▶ [Problem details] If a line in the records below includes the word "origin", count it, then give the total and nothing else.

[Input data]

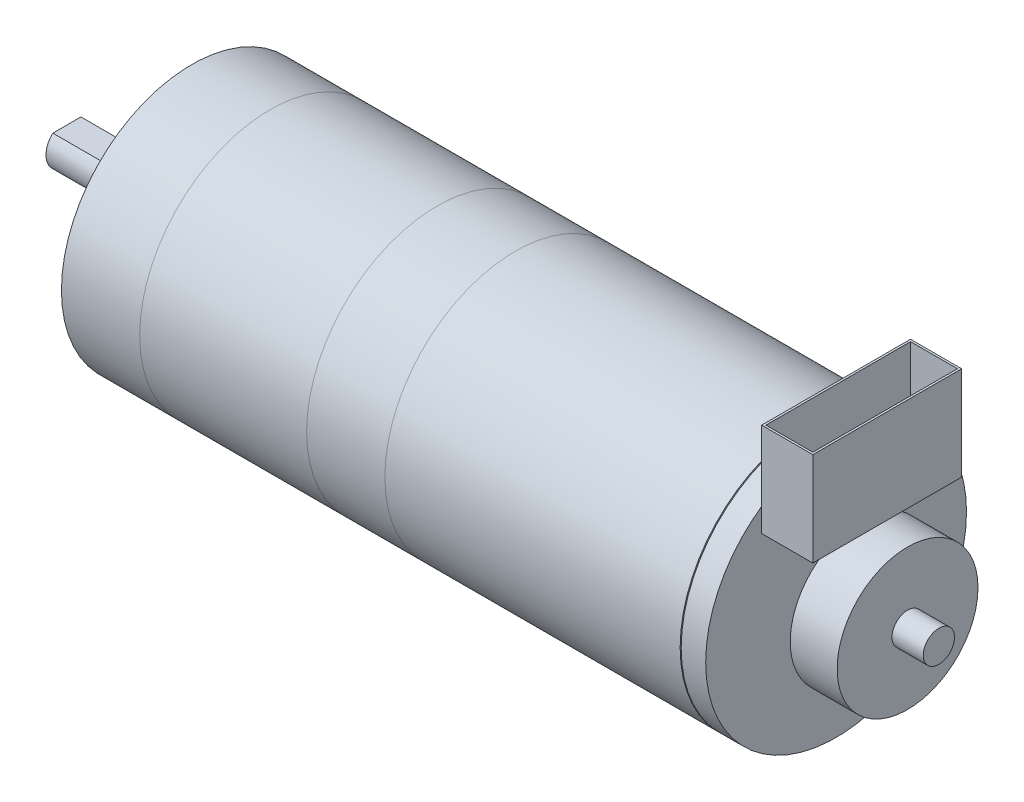
from build123d import *

# Parameters (mm, degrees)
SKETCH_1_R          = 12.5
EXTRUDE_1_DEPTH     = 7.5
SKETCH_3_R          = 12.5
EXTRUDE_3_DEPTH     = 16
SKETCH_4_R          = 12.5
EXTRUDE_4_DEPTH     = 7.5
SKETCH_5_R          = 12.5
EXTRUDE_5_DEPTH     = 28.3
SKETCH_6_R          = 1.5
EXTRUDE_10_DEPTH    = 0.1
SKETCH_10_R         = 12.5
EXTRUDE_11_DEPTH    = 2.35
SKETCH_12_R         = 1.5
EXTRUDE_12_DEPTH    = 2.35
SKETCH_13_R         = 6.75
EXTRUDE_13_DEPTH    = 4.5
SKETCH_14_R         = 1.5
EXTRUDE_14_DEPTH    = 3
EXTRUDE_START       = 8
SKETCH_15_W         = 4.9
SKETCH_15_H         = 14.26
SKETCH_15_W_2       = 4.5
SKETCH_15_H_2       = 13.86
EXTRUDE_1_2_DEPTH   = 9
SKETCH_16_R         = 3.5
EXTRUDE_15_DEPTH    = 2.38
SKETCH_17_R         = 2
EXTRUDE_16_DEPTH    = 9.6
SKETCH_18_W         = 2.690427476
SKETCH_18_H         = 0.755115775
CUT_EXTRUDE_1_DEPTH = 8
SKETCH_19_R         = 1.75
CUT_EXTRUDE_2_DEPTH = 3.5


with BuildPart() as part:
    # 草图1 → Extrude 1 (new body)
    with BuildSketch(Plane(origin=(0, 0, 0), x_dir=(0, 0, -1), z_dir=(1, 0, 0))):
        Circle(SKETCH_1_R)
    extrude(amount=EXTRUDE_1_DEPTH)

    # 草图16 → 凸台-拉伸15 (add)
    with BuildSketch(Plane.ZY):
        Circle(SKETCH_16_R)
    extrude(amount=EXTRUDE_15_DEPTH)

    # 草图17 → 凸台-拉伸16 (add)
    with BuildSketch(Plane.ZY.offset(2.38)):
        Circle(SKETCH_17_R)
    extrude(amount=EXTRUDE_16_DEPTH)

    # 草图18 → 切除-拉伸1 (cut)
    with BuildSketch(Plane.ZY.offset(11.98)):
        with Locations((0, 1.857557888)):
            Rectangle(SKETCH_18_W, SKETCH_18_H)
    extrude(amount=-CUT_EXTRUDE_1_DEPTH, mode=Mode.SUBTRACT)

    # 草图19 → 切除-拉伸2 (cut)
    with BuildSketch(Plane.ZY):
        with Locations((8.5, 0)):
            Circle(SKETCH_19_R)
    cut_extrude_2 = extrude(amount=-CUT_EXTRUDE_2_DEPTH, mode=Mode.SUBTRACT)

    # 镜向1: 切除-拉伸2 across plane
    add(cut_extrude_2.mirror(Plane.XY), mode=Mode.SUBTRACT)


with BuildPart() as body_2:
    # 草图3 → 凸台-拉伸3 (new body)
    with BuildSketch(Plane(origin=(7.5, 0, 0), x_dir=(0, 0, -1), z_dir=(1, 0, 0))):
        Circle(SKETCH_3_R)
    extrude(amount=EXTRUDE_3_DEPTH)


with BuildPart() as body_3:
    # 草图4 → 凸台-拉伸4 (new body)
    with BuildSketch(Plane(origin=(23.5, 0, 0), x_dir=(0, 0, -1), z_dir=(1, 0, 0))):
        Circle(SKETCH_4_R)
    extrude(amount=EXTRUDE_4_DEPTH)


with BuildPart() as body_4:
    # 草图5 → 凸台-拉伸5 (new body)
    with BuildSketch(Plane(origin=(31, 0, 0), x_dir=(0, 0, -1), z_dir=(1, 0, 0))):
        Circle(SKETCH_5_R)
    extrude(amount=EXTRUDE_5_DEPTH)

    # 草图6 → 凸台-拉伸10 (add)
    with BuildSketch(Plane(origin=(59.3, 0, 0), x_dir=(0, 0, -1), z_dir=(1, 0, 0))):
        Circle(SKETCH_6_R)
    extrude(amount=EXTRUDE_10_DEPTH)

    # 草图10 → 凸台-拉伸11 (add)
    with BuildSketch(Plane(origin=(59.4, 0, 0), x_dir=(0, 0, -1), z_dir=(1, 0, 0))):
        Circle(SKETCH_10_R)
    extrude(amount=EXTRUDE_11_DEPTH)

    # 草图12 → 凸台-拉伸12 (add)
    with BuildSketch(Plane(origin=(61.75, 0, 0), x_dir=(0, 0, -1), z_dir=(1, 0, 0))):
        Circle(SKETCH_12_R)
    extrude(amount=EXTRUDE_12_DEPTH)

    # 草图13 → 凸台-拉伸13 (add)
    with BuildSketch(Plane(origin=(64.1, 0, 0), x_dir=(0, 0, -1), z_dir=(1, 0, 0))):
        Circle(SKETCH_13_R)
    extrude(amount=EXTRUDE_13_DEPTH)

    # 草图14 → 凸台-拉伸14 (add)
    with BuildSketch(Plane(origin=(68.6, 0, 0), x_dir=(0, 0, -1), z_dir=(1, 0, 0))):
        Circle(SKETCH_14_R)
    extrude(amount=EXTRUDE_14_DEPTH)


with BuildPart() as body_5:
    # 草图15 → Extrude 1 2 (new body)
    with BuildSketch(Plane(origin=(0, 0, 0), x_dir=(1, 0, 0), z_dir=(0, 1, 0)).offset(EXTRUDE_START)):
        with Locations((64.2, 0)):
            Rectangle(SKETCH_15_W, SKETCH_15_H)
        with Locations((64.2, 0)):
            Rectangle(SKETCH_15_W_2, SKETCH_15_H_2, mode=Mode.SUBTRACT)
    extrude(amount=EXTRUDE_1_2_DEPTH)


solid = Compound([part.part, body_2.part, body_3.part, body_4.part, body_5.part])

[/Input data]

▶ [Result for this task] 10